SOCO: Benchmarking Semantic Object Correspondence in Vision Foundation Models

Measuring structured object understanding in vision foundation models remains challenging due to inconsistent evaluation protocols and limited part-level supervision. Semantic correspondence (SC) evaluates this capability by testing whether object parts can be matched across instances and categories under large variations in appearance, viewpoint, and geometry. To enable a systematic SC evaluation, we introduce SOCO, a new benchmark for Semantic Object Correspondence that introduces a taxonomy of correspondence types and provides consistent, functionally meaningful keypoint annotations across 100 categories and over 1M correspondence pairs. In addition, SOCO includes keypoint language descriptions, enabling the evaluation of large vision-language models (LVLMs) and their fine-grained part-level understanding. Comprehensive experiments reveal that (i) vision foundation backbones encode strong semantic structure but transfer correspondences poorly across related categories and only partially capture object-part position, (ii) LVLMs are stronger at text-prompted part localization than at visual-reference cross-image matching, exposing a gap between language-grounded localization and fine-grained visual correspondence, and (iii) correspondence performance predicts performance on dense downstream tasks, including segmentation, tracking, 3D pose estimation, and 3D detection, more strongly than ImageNet classification. Together, these findings position SOCO as a benchmark for structured, part-level representation quality in vision and multimodal foundation models.

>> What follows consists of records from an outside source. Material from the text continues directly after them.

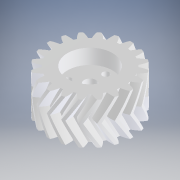
# Autodesk Inventor part: Spur Gear1
Saved by Autodesk Inventor 2017 SP1 (Build 210196100, 196)
## iProperties
Created: 2017-10-23
Part Number: Spur Gear1
Material: ABS Plastic
Document SubType Name: Modeling
Designer: Zach
Categories: <?xml version="1.0" encoding="UTF-16"?> <MemberInstance><Categories><FamilyTemplate><FamilyTemplateParameter ValueType="xs:double" Id="1" ObjectReferenceKey="da_z" ObjectType="kUserParameterObject"/><FamilyTemplateParameter ValueType="xs:double" Id="2" ObjectReferenceKey="da_b" ObjectType="kUserParameterObject"/><FamilyTemplateParameter ValueType="xs:double" Id="3" ObjectReferenceKey="da_beta" ObjectType="kUserParameterObject"/><FamilyTemplateParameter ValueType="xs:double" Id="4" ObjectReferenceKey="da_da" ObjectType="kUserParameterObject"/><FamilyTemplateParameter ValueType="xs:double" Id="5" ObjectReferenceKey="da_aw" ObjectType="kUserParameterObject"/><FamilyTemplateParameter ValueType="xs:string" Id="6" ObjectReferenceKey="EAIAABAAAACIAQAAAAAAAIAAAAAAAAAA" ObjectType="83910656" SubObjectId="SurfaceGeometry"/></FamilyTemplate><ParamToTemplateMap><ParamToTemplate CategoryParameter="//CategoryParameter[@InternalName='046C89C9-8512-4d59-83FE-43B91F4F132A']" TemplateParameter="1"/><ParamToTemplate CategoryParameter="//CategoryParameter[@InternalName='2552DF32-E462-4b46-AEBF-C6C7768E72AC']" TemplateParameter="2"/><ParamToTemplate CategoryParameter="//CategoryParameter[@InternalName='C9EE641D-15FC-4fae-A226-E94C4372FDD7']" TemplateParameter="3"/><ParamToTemplate><ParamToTemplate CategoryParameter="//CategoryParameter[@InternalName='00B6519A-459B-49c7-AD84-2E56D39A5744']" ConstantValue="0.000000"/></ParamToTemplate><ParamToTemplate><ParamToTemplate CategoryParameter="//CategoryParameter[@InternalName='04B31F0E-C7A6-4894-AA32-9629BEFACF47']" ConstantValue="1.000000"/></ParamToTemplate><ParamToTemplate><ParamToTemplate CategoryParameter="//CategoryParameter[@InternalName='43CBEC2E-7847-49e7-A936-2F7889FCB2D9']" ConstantValue="0.250000"/></ParamToTemplate><ParamToTemplate><ParamToTemplate CategoryParameter="//CategoryParameter[@InternalName='B1EFC894-105D-4ebd-86BF-FA20ED196853']" ConstantValue="0.350000"/></ParamToTemplate><ParamToTemplate><ParamToTemplate CategoryParameter="//CategoryParameter[@InternalName='51175063-3D10-4879-93E8-6246FE8B403D']" ConstantValue="2060000000.000000"/></ParamToTemplate><ParamToTemplate><ParamToTemplate CategoryParameter="//CategoryParameter[@InternalName='A3A52E27-4454-46a9-B0BD-C932399B70AF']" ConstantValue="0.300000"/></ParamToTemplate><ParamToTemplate><ParamToTemplate CategoryParameter="//CategoryParameter[@InternalName='91B76062-C214-41d9-B1B9-14D2AB99603D']" ConstantValue="0.200000"/></ParamToTemplate><ParamToTemplate><ParamToTemplate CategoryParameter="//CategoryParameter[@InternalName='374E806E-8B8A-4dda-A9AA-1039D6500AD2']" ConstantValue="5.000000"/></ParamToTemplate><ParamToTemplate><ParamToTemplate CategoryParameter="//CategoryParameter[@InternalName='2D373A89-B862-43d6-8D0B-0CBF12AB9F6C']" ConstantValue="0.392699"/></ParamToTemplate><ParamToTemplate CategoryParameter="//CategoryParameter[@InternalName='37777632-D6A2-4fac-9D53-DB8ACD95C989']" TemplateParameter="4"/><ParamToTemplate CategoryParameter="//CategoryParameter[@InternalName='FD1017F1-B727-4f7e-9707-0F86F1FF9423']" TemplateParameter="5"/><ParamToTemplate><ParamToTemplate CategoryParameter="//CategoryParameter[@InternalName='9E1B4470-B2D3-4ff1-B813-535BB4CDF51A']" ConstantValue="3520000.000000"/></ParamToTemplate><ParamToTemplate><ParamToTemplate CategoryParameter="//CategoryParameter[@InternalName='F8452263-BFF6-458c-9FB1-07C4B99E95CD']" ConstantValue="11400000.000000"/></ParamToTemplate><ParamToTemplate><ParamToTemplate CategoryParameter="//CategoryParameter[@InternalName='3E3BB259-FD49-497f-8171-6EBC954A3479']" ConstantValue="2.000000"/></ParamToTemplate><ParamToTemplate CategoryParameter="//CategoryParameter[@InternalName='27C3BAF2-7550-4e4b-AE2C-0DB134B7D9B7']" TemplateParameter="6"/></ParamToTemplateMap><Category DisplayName="Gear" InternalName="DC85795E-93AB-48d5-8EEE-5A27447B64BD" Mnemonic="Gear"><CategoryParameter DisplayName="z" InternalName="046C89C9-8512-4d59-83FE-43B91F4F132A" Mnemonic="z"/><CategoryParameter DisplayName="b" InternalName="2552DF32-E462-4b46-AEBF-C6C7768E72AC" Mnemonic="b"/><CategoryParameter DisplayName="||b|" InternalName="C9EE641D-15FC-4fae-A226-E94C4372FDD7" Mnemonic="beta"/><CategoryParameter DisplayName="x" InternalName="00B6519A-459B-49c7-AD84-2E56D39A5744" Mnemonic="x"/><CategoryParameter DisplayName="a*" InternalName="04B31F0E-C7A6-4894-AA32-9629BEFACF47" Mnemonic="a"/><CategoryParameter DisplayName="c*" InternalName="43CBEC2E-7847-49e7-A936-2F7889FCB2D9" Mnemonic="c"/><CategoryParameter DisplayName="r|.f|*" InternalName="B1EFC894-105D-4ebd-86BF-FA20ED196853" Mnemonic="rf"/><CategoryParameter DisplayName="E" InternalName="51175063-3D10-4879-93E8-6246FE8B403D" Mnemonic="E"/><CategoryParameter DisplayName="||m|" InternalName="A3A52E27-4454-46a9-B0BD-C932399B70AF" Mnemonic="mi"/><Category DisplayName="SpurGear" InternalName="26C5A22E-A91E-4dfd-A3B3-23CCAFAE1764" Mnemonic="SpurGear"><CategoryParameter DisplayName="m" InternalName="91B76062-C214-41d9-B1B9-14D2AB99603D" Mnemonic="m"/><CategoryParameter DisplayName="P" InternalName="374E806E-8B8A-4dda-A9AA-1039D6500AD2" Mnemonic="PP"/><CategoryParameter DisplayName="||a|" InternalName="2D373A89-B862-43d6-8D0B-0CBF12AB9F6C" Mnemonic="alpha"/><CategoryParameter DisplayName="d|.a|" InternalName="37777632-D6A2-4fac-9D53-DB8ACD95C989" Mnemonic="da"/><CategoryParameter DisplayName="a|.w|" InternalName="FD1017F1-B727-4f7e-9707-0F86F1FF9423" Mnemonic="aw"/><CategoryParameter DisplayName="||s||.Flim|" InternalName="9E1B4470-B2D3-4ff1-B813-535BB4CDF51A" Mnemonic="sFlim"/><CategoryParameter DisplayName="||s||.Hlim|" InternalName="F8452263-BFF6-458c-9FB1-07C4B99E95CD" Mnemonic="sHlim"/><CategoryParameter DisplayName="type" InternalName="3E3BB259-FD49-497f-8171-6EBC954A3479" Mnemonic="type"/><CategoryParameter DisplayName="PitchDiameter" InternalName="27C3BAF2-7550-4e4b-AE2C-0DB134B7D9B7" Mnemonic="IDS_PITCHDIAM"/></Category></Category></Categories></MemberInstance>
Density: 1.06 g/cm^3
Appearance: CR White
CustomPartVersion: 1
Author: Zach
Autodesk Inventor part; units mm, degrees
sketch "Sketch1" plane through (0, 0, 0) normal (0, 0, 1) x (1, 0, 0)
  circle A0 centre (0, 0) radius 25.0821
  dimension "d0" = 50.1642
  constraints: 1 centre point
  measures "d0" diameter of A0
extrude "Extrusion1" add sketch "Sketch1" along normal blind 12.5
ref_plane "Work Plane2" through (0, 0, 6.25) normal (0, 0, 1) x (1, 0, 0)
sketch "Sketch2" plane through (0, 0, 0) normal (0, 0, -1) x (-1, 0, 0)
  circle A0 centre (0, 0) radius 25.0821 projected
  circle A1 centre (0, 0) radius 23.2857
  dimension "d3" = 46.5714
  constraints: 1 centre point, 1 coincident
  measures "d3" diameter of A1
surface extrude "Pitch Diameter" sketch "Sketch2" against normal through all shown no curves A1
ref_plane "Work Plane8" through (0, 0, 0) normal (0.9876883, 0.1564345, 0) x (0, 0, 1)
ref_plane "Work Plane9" through (0, 0, 0) normal (1, 0, 0) x (0, 1, 0)
spur gear teeth "Spur Gear" teeth 20 pitch diameter 46.188 tip diameter 50.1642 root diameter 41.188 face width 12.5 helix angle 30 hand left start plane through (0, 0, 0) normal (0, 0, -1) x (-1, 0, 0)
mirror "Mirror1" about plane through (0, 0, 12.5) normal (0, 0, 1)
sketch "Sketch3" plane through (-14.8399, 17.3808, 25) normal (0, 0, 1) x (0.9845988, 0.1748292, 0)
  circle A0 centre (11.5726, -19.7076) radius 13.5
  arc A1 (1.4985, 3.2624) -> (-0.2727, 2.4012) centre (11.5726, -19.7076) ccw construction
  arc A2 (-5.1066, -0.9749) -> (-6.5249, -2.3413) centre (11.5726, -19.7076) ccw construction
  arc A3 (-10.079, -7.0459) -> (-11.0057, -8.7837) centre (11.5726, -19.7076) ccw construction
  arc A4 (-12.932, -14.3563) -> (-13.2763, -16.2954) centre (11.5726, -19.7076) ccw construction
  arc A5 (-13.3862, -22.1906) -> (-13.1145, -24.1412) centre (11.5726, -19.7076) ccw construction
  arc A6 (-11.3974, -29.7818) -> (-10.5362, -31.5529) centre (11.5726, -19.7076) ccw construction
  arc A7 (-7.1601, -36.3868) -> (-5.7937, -37.8052) centre (11.5726, -19.7076) ccw construction
  arc A8 (-1.089, -41.3592) -> (0.6488, -42.2859) centre (11.5726, -19.7076) ccw construction
  arc A9 (6.2214, -44.2122) -> (8.1605, -44.5565) centre (11.5726, -19.7076) ccw construction
  arc A10 (14.0556, -44.6665) -> (16.0062, -44.3947) centre (11.5726, -19.7076) ccw construction
  arc A11 (21.6468, -42.6776) -> (23.418, -41.8164) centre (11.5726, -19.7076) ccw construction
  arc A12 (28.2519, -38.4403) -> (29.6702, -37.0739) centre (11.5726, -19.7076) ccw construction
  arc A13 (33.2243, -32.3693) -> (34.1509, -30.6315) centre (11.5726, -19.7076) ccw construction
  arc A14 (36.0772, -25.0588) -> (36.4215, -23.1197) centre (11.5726, -19.7076) ccw construction
  arc A15 (36.5315, -17.2246) -> (36.2598, -15.274) centre (11.5726, -19.7076) ccw construction
  arc A16 (34.5426, -9.6334) -> (33.6814, -7.8623) centre (11.5726, -19.7076) ccw construction
  arc A17 (30.3053, -3.0284) -> (28.9389, -1.61) centre (11.5726, -19.7076) ccw construction
  arc A18 (24.2343, 1.944) -> (22.4965, 2.8707) centre (11.5726, -19.7076) ccw construction
  arc A19 (16.9239, 4.797) -> (14.9848, 5.1413) centre (11.5726, -19.7076) ccw construction
  arc A20 (9.0896, 5.2513) -> (7.139, 4.9795) centre (11.5726, -19.7076) ccw construction
  dimension "d49" = 27
  constraints: 2 coincident, 1 centre point, 60 other
  measures "d49" diameter of A0
extrude "Extrusion2" cut sketch "Sketch3" against normal blind 9
sketch "Sketch4" plane through (0, 0, 16) normal (0, 0, 1) x (1, 0, 0)
  circle A0 centre (0, 0) radius 3.5
  circle A1 centre (0, 9.525) radius 2
  circle A2 centre (-8.2489, -4.7625) radius 2
  circle A3 centre (8.2489, -4.7625) radius 2
  circle A4 centre (0, 0) radius 13.5 construction
  dimension "d52" = 7
  dimension "d53" = 4
  dimension "d54" = 9.525
  dimension "d57" = 360
  constraints: 4 centre point, 1 coincident, 1 vertical alignment, 7 other
  measures "d52" diameter of A0
  measures "d53" diameter of A1
  measures "d54" distance of A1.centre point (0, 0)
extrude "Extrusion3" cut sketch "Sketch4" against normal through all
sketch "Sketch5" plane through (0, 0, 0) normal (0, 0, -1) x (-1, 0, 0)
  circle A0 centre (-8.2489, -4.7625) radius 2 projected
  circle A1 centre (-8.2489, -4.7625) radius 3.5
  circle A2 centre (8.2489, -4.7625) radius 3.5
  circle A3 centre (0, 9.525) radius 3.5
  point P0 (0, 0)
  dimension "d61" = 7
  dimension "d64" = 360
  constraints: 3 centre point, 1 coincident, 7 other
  measures "d61" diameter of A1
extrude "Extrusion4" cut sketch "Sketch5" against normal blind 11 contours A0 | A1 | A2 | A3
equation "\"d0\" = da_da"
equation "\"d1\" = da_b"
equation "\"d3\" = da_dw"
equation "\"d16\" = da_aw"
equation "\"d43\" = da_aw"
equation "\"d46\" = da_aw"
equation "\"da_da\" = 50.164157"
equation "\"da_b\" = 12.5"
equation "\"da_dw\" = 46.571429"
equation "\"da_aw\" = 81.5"
body "Solid1"
body "Srf1"

翻译：评估视觉基础模型中的结构化对象理解仍面临挑战，这是由于评估协议不一致且部件级监督信息有限所致。语义对应关系通过测试对象部件能否在实例和类别之间跨越外观、视角和几何形态的显著变化进行匹配，从而评估该能力。为建立系统化的语义对应评估体系，我们提出SOCO——一个全新的语义对象对应关系基准。该基准引入对应关系类型分类体系，并在100个类别、超过100万个对应关系对中提供一致且具有功能意义的语义关键点标注。此外，SOCO包含关键点语言描述，使其能够评估大型视觉语言模型及其细粒度部件级理解能力。综合实验表明：(i)视觉基础骨干网络编码了强语义结构，但在相关类别间的对应关系迁移能力较差，且仅能部分捕获对象部件位置信息；(ii)大型视觉语言模型在文本提示的部件定位方面强于视觉参考的跨图像匹配，暴露出语言引导定位与细粒度视觉对应之间的差距；(iii)相较于ImageNet分类，对应关系性能对密集下游任务（包括分割、跟踪、3D姿态估计和3D检测）的性能预测能力更强。综合来看，这些发现将SOCO定位为评估视觉与多模态基础模型中结构化部件级表示质量的基准。